As evidence of the evolution of edge and cloud connectivity from routers to firewalls and now to SD-WANs, let’s take a quick look at transit VPCs. I’m going to use the term transit VPCs in a more generic context, as opposed to the AWS Transit VPC solution. The concept of a transit VPC is equally applicable to Azure and GCP. Essentially, in a deployment, a transit VPC uses a dedicated VPC as the “transit VPC” which contains either a software router, like the Cisco CSR1000v, or a firewall/VPN from your favorite vendors — think Juniper, Cisco, or Palo Alto Networks — or now, an SD-WAN solution, such as Riverbed, SilverPeak, or VMware-Velocloud NSX SD-WAN. This VPC becomes the hub in a hub-and-spoke architecture with other spoke VPCs connecting through it as it controls access to and from both internal VPCs and external VPCs or sites in other clouds.

Instead of a full mesh, with the attendant complications of a N-squared set of connections to set up and govern, it reduces to simpler N connections. The downside is that all traffic has to flow through the hub, which could be a single point of failure that needs to be made redundant and that requires scaling capabilities to match performance requirements as needed. We’ll leave the detailed discussion of transit VPCs for another day, but I wanted to share a slide from Amazon’s re:Invent 2018 that shows the varieties of options for VPC connectivity:

sd-wan-firewall-aws-transit-vpc-options

Slide from Amazon re:Invent 2018.

Notice the routers, firewall/VPNs, and SD-WAN options? Plus Aviatrix, which doesn’t quite fall into any of the categories, but defines a new wave of cloud network orchestrators that facilitate VPC-to-VPC communication and cloud networking in general. This slide is a simple depiction of the battlefield that will define cloud-to-cloud networking in the next few years.

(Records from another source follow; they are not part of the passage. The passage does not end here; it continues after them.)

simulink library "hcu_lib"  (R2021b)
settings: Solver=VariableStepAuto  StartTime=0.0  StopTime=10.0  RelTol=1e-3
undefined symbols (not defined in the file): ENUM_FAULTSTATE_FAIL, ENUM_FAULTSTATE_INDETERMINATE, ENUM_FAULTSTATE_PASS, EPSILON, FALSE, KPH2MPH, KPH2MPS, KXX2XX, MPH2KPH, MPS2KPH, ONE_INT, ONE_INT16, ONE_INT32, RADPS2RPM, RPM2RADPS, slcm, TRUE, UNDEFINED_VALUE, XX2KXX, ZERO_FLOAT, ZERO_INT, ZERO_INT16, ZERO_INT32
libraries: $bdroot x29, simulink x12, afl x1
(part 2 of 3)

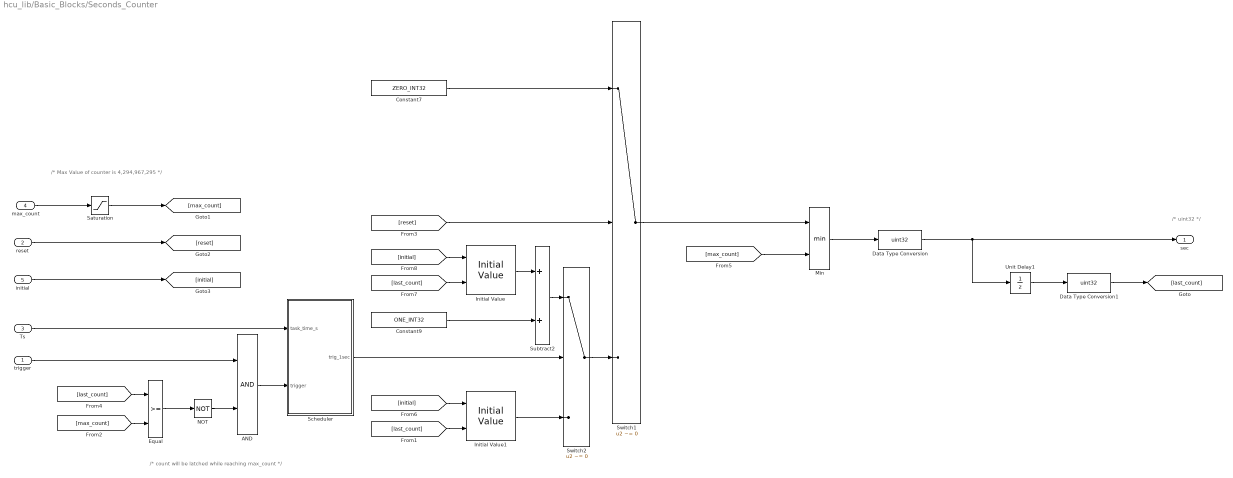
== system hcu_lib/Basic_Blocks/Seconds_Counter ==
  note: /* count will be latched while reaching max_count */
  note: /* uint32 */
  note: /* Max Value of counter is 4,294,967,295 */
  trigger : Inport
  reset : Inport  Port=2
  Ts : Inport  Port=3
  max_count : Inport  Port=4
  initial : Inport  Port=5
  AND : Logic  AllPortsSameDT=off  OutDataTypeStr=boolean
  Constant7 : Constant  Value=ZERO_INT32  OutDataTypeStr=uint16
  Constant9 : Constant  Value=ONE_INT32  OutDataTypeStr=single
  Data Type Conversion : DataTypeConversion  OutDataTypeStr=uint32
  Data Type Conversion1 : DataTypeConversion  OutDataTypeStr=uint32
  Equal : RelationalOperator  OutDataTypeStr=boolean  RndMeth=Simplest
  Initial Value : $bdroot/Basic_Blocks/Initial Value
  Initial Value1 : $bdroot/Basic_Blocks/Initial Value
  Min : MinMax  Inputs=2
  NOT : Logic  Operator=NOT  AllPortsSameDT=off  OutDataTypeStr=boolean
  Saturation : Saturate  UpperLimit=4294967295  LowerLimit=0
      settings: AttributesFormatString=<upper = %<UpperLimit>>\n<lower = %<LowerLimit>>
  Scheduler : Stateflow chart  TreatAsAtomicUnit=on
  Subtract2 : Sum
  Switch1 : Switch  Criteria=u2 ~= 0
      settings: AttributesFormatString=<%<Criteria>>
  Switch2 : Switch  Criteria=u2 ~= 0
      settings: AttributesFormatString=<%<Criteria>>
  Unit Delay1 : UnitDelay  SampleTime=-1  HasFrameUpgradeWarning=on
      settings: AttributesFormatString=<initial = %<X0>>
  sec : Outport
  wires:
  Data Type Conversion1/1 -> [last_count]
  Unit Delay1/1 -> Data Type Conversion1/1
  Data Type Conversion/1 -> Unit Delay1/1, sec/1
  Ts/1 -> Scheduler/1(task_time_s)
  Subtract2/1 -> Switch2/1
  Constant9/1 -> Subtract2/2
  Switch2/1 -> Switch1/3
  Constant7/1 -> Switch1/1
  max_count/1 -> Saturation/1
  Scheduler/1(trig_1sec) -> Switch2/2
  reset/1 -> [reset]
  [reset] -> Switch1/2
  Equal/1 -> NOT/1
  AND/1 -> Scheduler/2(trigger)
  trigger/1 -> AND/1
  NOT/1 -> AND/2
  [last_count] -> Equal/1
  Saturation/1 -> [max_count]
  [max_count] -> Equal/2
  [max_count] -> Min/2
  Min/1 -> Data Type Conversion/1
  Switch1/1 -> Min/1
  initial/1 -> [initial]
  Initial Value1/1 -> Switch2/3
  [last_count] -> Initial Value1/2
  [initial] -> Initial Value1/1
  Initial Value/1 -> Subtract2/1
  [initial] -> Initial Value/1
  [last_count] -> Initial Value/2

== system hcu_lib/Basic_Blocks/Test Detection Criteria ==
  trigger : Inport
  Ts : Inport  Port=2
  KDDM_xxxDTC_cnt : Inport  Port=3
  KDDM_xxxDetTO_s : Inport  Port=4
  Constant35 : Constant  Value=ZERO_INT
  Data Type Conversion : DataTypeConversion  OutDataTypeStr=single
  Data Type Conversion1 : DataTypeConversion  OutDataTypeStr=uint16
  Detect Increase : simulink/Logic and Bit Operations/Detect Increase  vinit=0.0  OutDataTypeStr=boolean
  Equal9 : RelationalOperator  Operator===  OutDataTypeStr=boolean  RndMeth=Simplest
  Gain : Gain  Gain=KXX2XX  RndMeth=Round
  Gain1 : Gain  Gain=KXX2XX
  Logical Operator19 : Logic  AllPortsSameDT=off  OutDataTypeStr=boolean
  Logical Operator3 : Logic  Operator=NOT  AllPortsSameDT=off  OutDataTypeStr=boolean
  ModMath : Subsystem  mask(Count){}
      mask help: Counter function.
      mask Display:
      | fprintf('ModMath');
      | port_label('output', 1, 'Remainder');
      | port_label('input', 1, 'Dividend');
      | port_label('input', 2, 'Divisor');
  Product : Product
  Rounding Function : Rounding  Operator=round
  Rounding Function1 : Rounding  Operator=round
  Timer : Subsystem  mask(Timer){}
      mask help: Timer funcion.
  VDDM_xxxDet_flg : Outport
  wires:
  Constant35/1 -> Equal9/2
  Logical Operator19/1 -> Detect Increase/1
  trigger/1 -> Timer/1(trigger), Logical Operator19/1, Logical Operator3/1
  [KDDM_xxxDetTO_s] -> Gain1/1
  Equal9/1 -> Logical Operator19/2
  Logical Operator3/1 -> Timer/2(reset)
  Timer/1(time) -> Gain/1
  Ts/1 -> Timer/3(Ts)
  Product/1 -> Timer/4(max_time)
  Data Type Conversion/1 -> Product/2
  KDDM_xxxDetTO_s/1 -> [KDDM_xxxDetTO_s], Product/1
  KDDM_xxxDTC_cnt/1 -> Data Type Conversion/1
  ModMath/1(Remainder) -> Data Type Conversion1/1
  Detect Increase/1 -> VDDM_xxxDet_flg/1
  Gain/1 -> Rounding Function/1
  Gain1/1 -> Rounding Function1/1
  Data Type Conversion1/1 -> Equal9/1
  Rounding Function/1 -> ModMath/1(Dividend)
  Rounding Function1/1 -> ModMath/2(Divisor)

== system hcu_lib/Basic_Blocks/Timer ==
  note: /* output signal type is single */
  trigger : Inport
  reset : Inport  Port=2
  Ts : Inport  Port=3
  max_time : Inport  Port=4
  Constant1 : Constant  Value=ZERO_FLOAT  OutDataTypeStr=single
  GreaterThan : RelationalOperator  Operator=<=  OutDataTypeStr=boolean  RndMeth=Simplest
  Subtract2 : Sum
  Switch : Switch  Criteria=u2 > Threshold
  Switch1 : Switch  Criteria=u2 ~= 0
      settings: AttributesFormatString=<%<Criteria>>
  Switch2 : Switch  Criteria=u2 ~= 0
      settings: AttributesFormatString=<%<Criteria>>
  Unit Delay1 : UnitDelay  SampleTime=-1  HasFrameUpgradeWarning=on
      settings: AttributesFormatString=<initial = %<X0>>
  time : Outport
  wires:
  [last_time] -> Subtract2/1
  max_time/1 -> Switch/1, GreaterThan/1
  Unit Delay1/1 -> [last_time], Switch1/3
  Switch/1 -> time/1, Unit Delay1/1
  Switch2/1 -> Switch/3, GreaterThan/2
  Ts/1 -> Subtract2/2
  Switch1/1 -> Switch2/3
  Constant1/1 -> Switch1/1
  reset/1 -> Switch1/2
  trigger/1 -> Switch2/2
  Subtract2/1 -> Switch2/1
  GreaterThan/1 -> Switch/2

== system hcu_lib/Basic_Blocks/derivative ==
  omega_radps : Inport
  task_time_s : Inport  Port=2
  Constant : Constant  Tag=struct('comment',struct('text','','placement',1),'output',struct('width',1,'name','$S_$B','unit','','type','Int16','offset',0,'max',NaN,'min',NaN,'freeze',1,'lsb',1,'arb',0,'class','default','address','','description','','value','0','tolerance',1,'show',0),'date',731450.689904282)  Value=0  OutDataTypeStr=single
  Constant1 : Constant  Tag=struct('comment',struct('text','','placement',1),'output',struct('width',1,'name','$S_$B','unit','','type','Int16','offset',0,'max',NaN,'min',NaN,'freeze',1,'lsb',1,'arb',0,'class','default','address','','description','','value','2','tolerance',1,'show',0),'date',731450.690075)  Value=TRUE
  Product : Product  Tag=struct('comment',struct('text','','placement',1),'logdata',struct('maxnumvals',inf,'plotchannels',[],'stepsize',0,'downsampling',1,'loggingmode',3,'channels',1),'output',struct('width',1,'name','$S_$B','unit','','type','Int32Bin15','offset',0,'max',65535,'min',-65536,'freeze',1,'lsb',2^-15,'arb',0,'class','default','address','','description','','autoscalingmode',1,'lowerheadroom',1,'upperheadroom',1,'headroomunit','bit','checkmin',0,'checkmax',0,'show',0),'inputs','*/','exceptionhandling',1,'date',731458.438505301)  Inputs=*/  InputSameDT=on  RndMeth=Zero  SaturateOnIntegerOverflow=on  OutDataTypeStr=Inherit: Same as first input
  Saturation1 : Saturate  Tag=struct('comment',struct('text','','placement',1),'logdata',struct('maxnumvals',inf,'plotchannels',[],'stepsize',0,'downsampling',1,'loggingmode',3,'channels',1),'output',struct('width',1,'name','$S_$B','unit','s','type','Time16bin10','offset',0,'max',63.999,'min',0,'freeze',1,'lsb',2^-10,'arb',0,'class','default','address','','description','','autoscalingmode',1,'lowerheadroom',1,'upperheadroom',1,'headroomunit','bit','show',0),'lowerlimit',struct('width',1,'name','$S_$B_lower','unit','','type','Int16','offset',0,'max',NaN,'min',NaN,'freeze',1,'lsb',1,'arb',0,'class','default','address','','description','','value','12e-3','scalar',0),'upperlimit',struct('width',1,'name','$S_$B_upper','unit','','type','Int16','offset',0,'max',NaN,'min',NaN,'freeze',1,'lsb',1,'arb',0,'class','default','address','','description','','value','63.9','scalar',0),'date',731458.439118333)  UpperLimit=63.9  LowerLimit=12e-3
  Saturation2 : Saturate  Tag=struct('comment',struct('text','','placement',1),'logdata',struct('maxnumvals',inf,'plotchannels',[],'stepsize',0,'downsampling',1,'loggingmode',3,'channels',1),'output',struct('width',1,'name','$S_$B','unit','','type','Int32Bin15','offset',0,'max',65535,'min',-65536,'freeze',1,'lsb',2^-15,'arb',0,'class','default','address','','description','','autoscalingmode',1,'lowerheadroom',1,'upperheadroom',1,'headroomunit','bit','show',0),'lowerlimit',struct('width',1,'name','$S_$B_lower','unit','','type','Int16','offset',0,'max',NaN,'min',NaN,'freeze',1,'lsb',1,'arb',0,'class','default','address','','description','','value','-65536','scalar',0),'upperlimit',struct('width',1,'name','$S_$B_upper','unit','','type','Int16','offset',0,'max',NaN,'min',NaN,'freeze',1,'lsb',1,'arb',0,'class','default','address','','description','','value','65535','scalar',0),'date',731455.58891853)  UpperLimit=65535  LowerLimit=-65536
  Sum : Sum  Tag=struct('comment',struct('text','','placement',1),'logdata',struct('maxnumvals',inf,'plotchannels',[],'stepsize',0,'downsampling',1,'loggingmode',3,'channels',1),'output',struct('width',1,'name','$S_$B','unit','','type','Int32Bin15','offset',0,'max',65535,'min',-65536,'freeze',1,'lsb',2^-15,'arb',0,'class','default','address','','description','','autoscalingmode',1,'lowerheadroom',1,'upperheadroom',1,'headroomunit','bit','checkmin',0,'checkmax',0,'show',0),'inputs','+-','date',731450.688943275)  Inputs=+-  InputSameDT=on  SaturateOnIntegerOverflow=on  OutDataTypeStr=Inherit: Same as first input
  Switch : Switch  Tag=struct('comment',struct('text','','placement',1),'logdata',struct('maxnumvals',inf,'plotchannels',[],'stepsize',0,'downsampling',1,'loggingmode',3,'channels',1),'output',struct('width',1,'name','$S_$B','unit','','type','Int32Bin15','offset',0,'max',65535,'min',-65536,'freeze',1,'lsb',2^-15,'arb',0,'class','default','address','','description','','autoscalingmode',1,'lowerheadroom',1,'upperheadroom',1,'headroomunit','bit','checkmin',0,'checkmax',0,'show',0),'threshold',struct('width',1,'name','$S_$B_threshold','unit','','type','Int16','offset',0,'max',NaN,'min',NaN,'freeze',1,'lsb',1,'arb',0,'class','default','address','','description','','value','1','scalar',0),'date',731458.438569977)  Threshold=0.5  SaturateOnIntegerOverflow=on  InputSameDT=on
  UnitDelay1 : UnitDelay  Tag=struct('comment',struct('text','','placement',1),'logdata',struct('maxnumvals',inf,'plotchannels',[],'stepsize',0,'downsampling',1,'loggingmode',3,'channels',1),'output',struct('width',1,'name','$S_$B','unit','','type','Int32Bin15','offset',0,'max',65535,'min',-65536,'freeze',1,'lsb',2^-15,'arb',0,'class','default','address','','description','','autoscalingmode',1,'lowerheadroom',1,'upperheadroom',1,'headroomunit','bit','checkmin',0,'checkmax',0,'show',0,'initial','0'),'state',0,'dt','-1','date',731450.687911019)  SampleTime=-1  HasFrameUpgradeWarning=on
  UnitDelay2 : UnitDelay  Tag=struct('comment',struct('text','','placement',1),'logdata',struct('maxnumvals',inf,'plotchannels',[],'stepsize',0,'downsampling',1,'loggingmode',3,'channels',1),'output',struct('width',1,'name','$S_$B','unit','','type','UInt8','offset',0,'max',255,'min',0,'freeze',1,'lsb',1,'arb',0,'class','default','address','','description','','autoscalingmode',1,'lowerheadroom',1,'upperheadroom',1,'headroomunit','bit','checkmin',0,'checkmax',0,'show',0,'initial','0'),'state',0,'dt','-1','date',731450.690382801)  InitialCondition=FALSE  SampleTime=-1  StateName=first_pass  HasFrameUpgradeWarning=on
  rot_acc_radps2 : Outport
  wires:
  Saturation1/1 -> Product/2
  Constant1/1 -> UnitDelay2/1
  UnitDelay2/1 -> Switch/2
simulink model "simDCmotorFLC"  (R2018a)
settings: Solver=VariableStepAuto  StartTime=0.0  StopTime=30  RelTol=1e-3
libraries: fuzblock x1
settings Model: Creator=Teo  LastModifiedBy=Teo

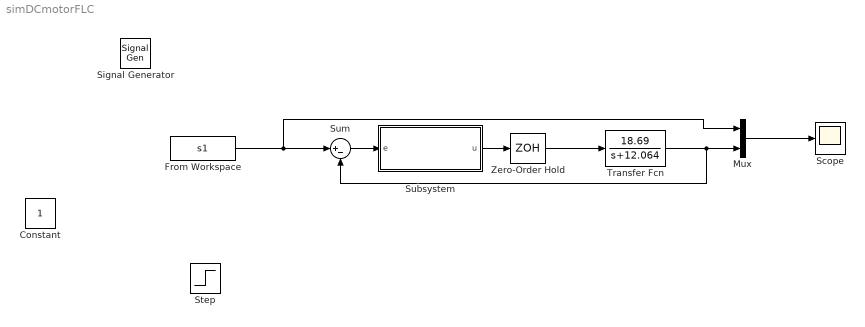
== system simDCmotorFLC ==
  Constant : Constant
  From Workspace : FromWorkspace  VariableName=s1  SampleTime=0.01
  Mux : Mux  Inputs=2
  Scope : Scope
  Signal Generator : SignalGenerator  Units=rad/sec
  Step : Step  Time=10  Before=150  After=150  SampleTime=0
  Subsystem : Subsystem
  Sum : Sum  Inputs=|+-
  Transfer Fcn : TransferFcn  Numerator=[18.69]  Denominator=[1 12.064]
  Zero-Order Hold : ZeroOrderHold  SampleTime=0.01
  wires:
  Zero-Order Hold/1 -> Transfer Fcn/1
  Sum/1 -> Subsystem/1("e ")
  Subsystem/1(u) -> Zero-Order Hold/1
  Mux/1 -> Scope/1
  Transfer Fcn/1 -> Sum/2, Mux/2
  From Workspace/1 -> Sum/1, Mux/1

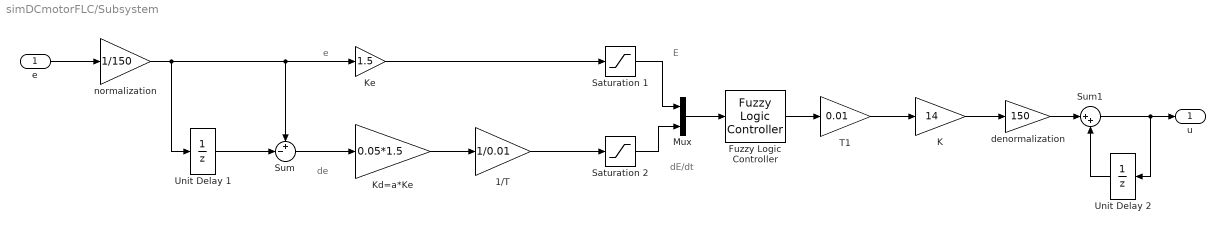
== system simDCmotorFLC/Subsystem ==
  note: e
  note: E
  note: dE/dt
  note: de
  "e " : Inport
  1/T : Gain  Gain=1/0.01  SaturateOnIntegerOverflow=on  OutDataTypeStr=Inherit: Same as input  ParamDataTypeStr=Inherit: Same as input
  Fuzzy Logic Controller : fuzblock/Fuzzy Logic  Controller  FIS=dcmotor  OutputSampleNumber=101  DataType=double  FuzzifiedInputs=off  RuleFiringStrengths=off  RuleOutputs=off  AggregatedOutputs=off  SimulateUsing=Interpreted execution  OutOfRangeInputValueMessage=warning  NoRuleFiredMessage=warning  EmptyOutputFuzzySetMessage=warning
  K : Gain  Gain=14  SaturateOnIntegerOverflow=on  OutDataTypeStr=Inherit: Same as input  ParamDataTypeStr=Inherit: Same as input
  Kd=a*Ke : Gain  Gain=0.05*1.5  SaturateOnIntegerOverflow=on  OutDataTypeStr=Inherit: Same as input  ParamDataTypeStr=Inherit: Same as input
  Ke : Gain  Gain=1.5  SaturateOnIntegerOverflow=on
  Mux : Mux  Inputs=2
  Saturation 1 : Saturate  UpperLimit=1  LowerLimit=-1
  Saturation 2 : Saturate  UpperLimit=1  LowerLimit=-1
  Sum : Sum  Inputs=+-|
  Sum1 : Sum  Inputs=|++  SaturateOnIntegerOverflow=on
  T1 : Gain  Gain=0.01  SaturateOnIntegerOverflow=on  OutDataTypeStr=Inherit: Same as input  ParamDataTypeStr=Inherit: Same as input
  Unit Delay 1 : UnitDelay  SampleTime=0.01
  Unit Delay 2 : UnitDelay  SampleTime=0.01
  denormalization : Gain  Gain=150  SaturateOnIntegerOverflow=on  OutDataTypeStr=Inherit: Same as input  ParamDataTypeStr=Inherit: Same as input
  normalization : Gain  Gain=1/150  SaturateOnIntegerOverflow=on  OutDataTypeStr=Inherit: Same as input  ParamDataTypeStr=Inherit: Same as input
  u : Outport
  wires:
  Unit Delay 1/1 -> Sum/2
  Sum/1 -> Kd=a*Ke/1
  Unit Delay 2/1 -> Sum1/2
  Sum1/1 -> u/1, Unit Delay 2/1
  denormalization/1 -> Sum1/1
  K/1 -> denormalization/1
  T1/1 -> K/1
  Saturation 2/1 -> Mux/2
  Saturation 1/1 -> Mux/1
  1/T/1 -> Saturation 2/1
  Kd=a*Ke/1 -> 1/T/1
  Ke/1 -> Saturation 1/1
  Mux/1 -> Fuzzy Logic Controller/1
  Fuzzy Logic Controller/1 -> T1/1
  "e "/1 -> normalization/1
  normalization/1 -> Unit Delay 1/1, Ke/1, Sum/1

Hold Your Horses, What About Container Networking?

But wait, we’re not quite done. We’ve only discussed VPC-to-VPC and remote-site-to-VPC connectivity. We haven’t even delved into container pod-to-pod, or VM-to-VM connectivity. There’s a complete set of considerations on that front and another set of players. Aside from the commercial options, there’s open source options like Calico, Canal, Cilium, Flannel, Kube-Router, Romana, and WeaveNet, though some of them aren’t as well maintained as they used to be. We’ll revisit all of these another day.

So just like regular networking, cloud networking has layer upon layer of complexity. Is it any wonder that application developers and DevOps yearn for a world of complete Level 3 public addressability and reachability and where service meshes gate and control connectivity, policy, security, and load distribution? I would too, if I were a DevOps engineer.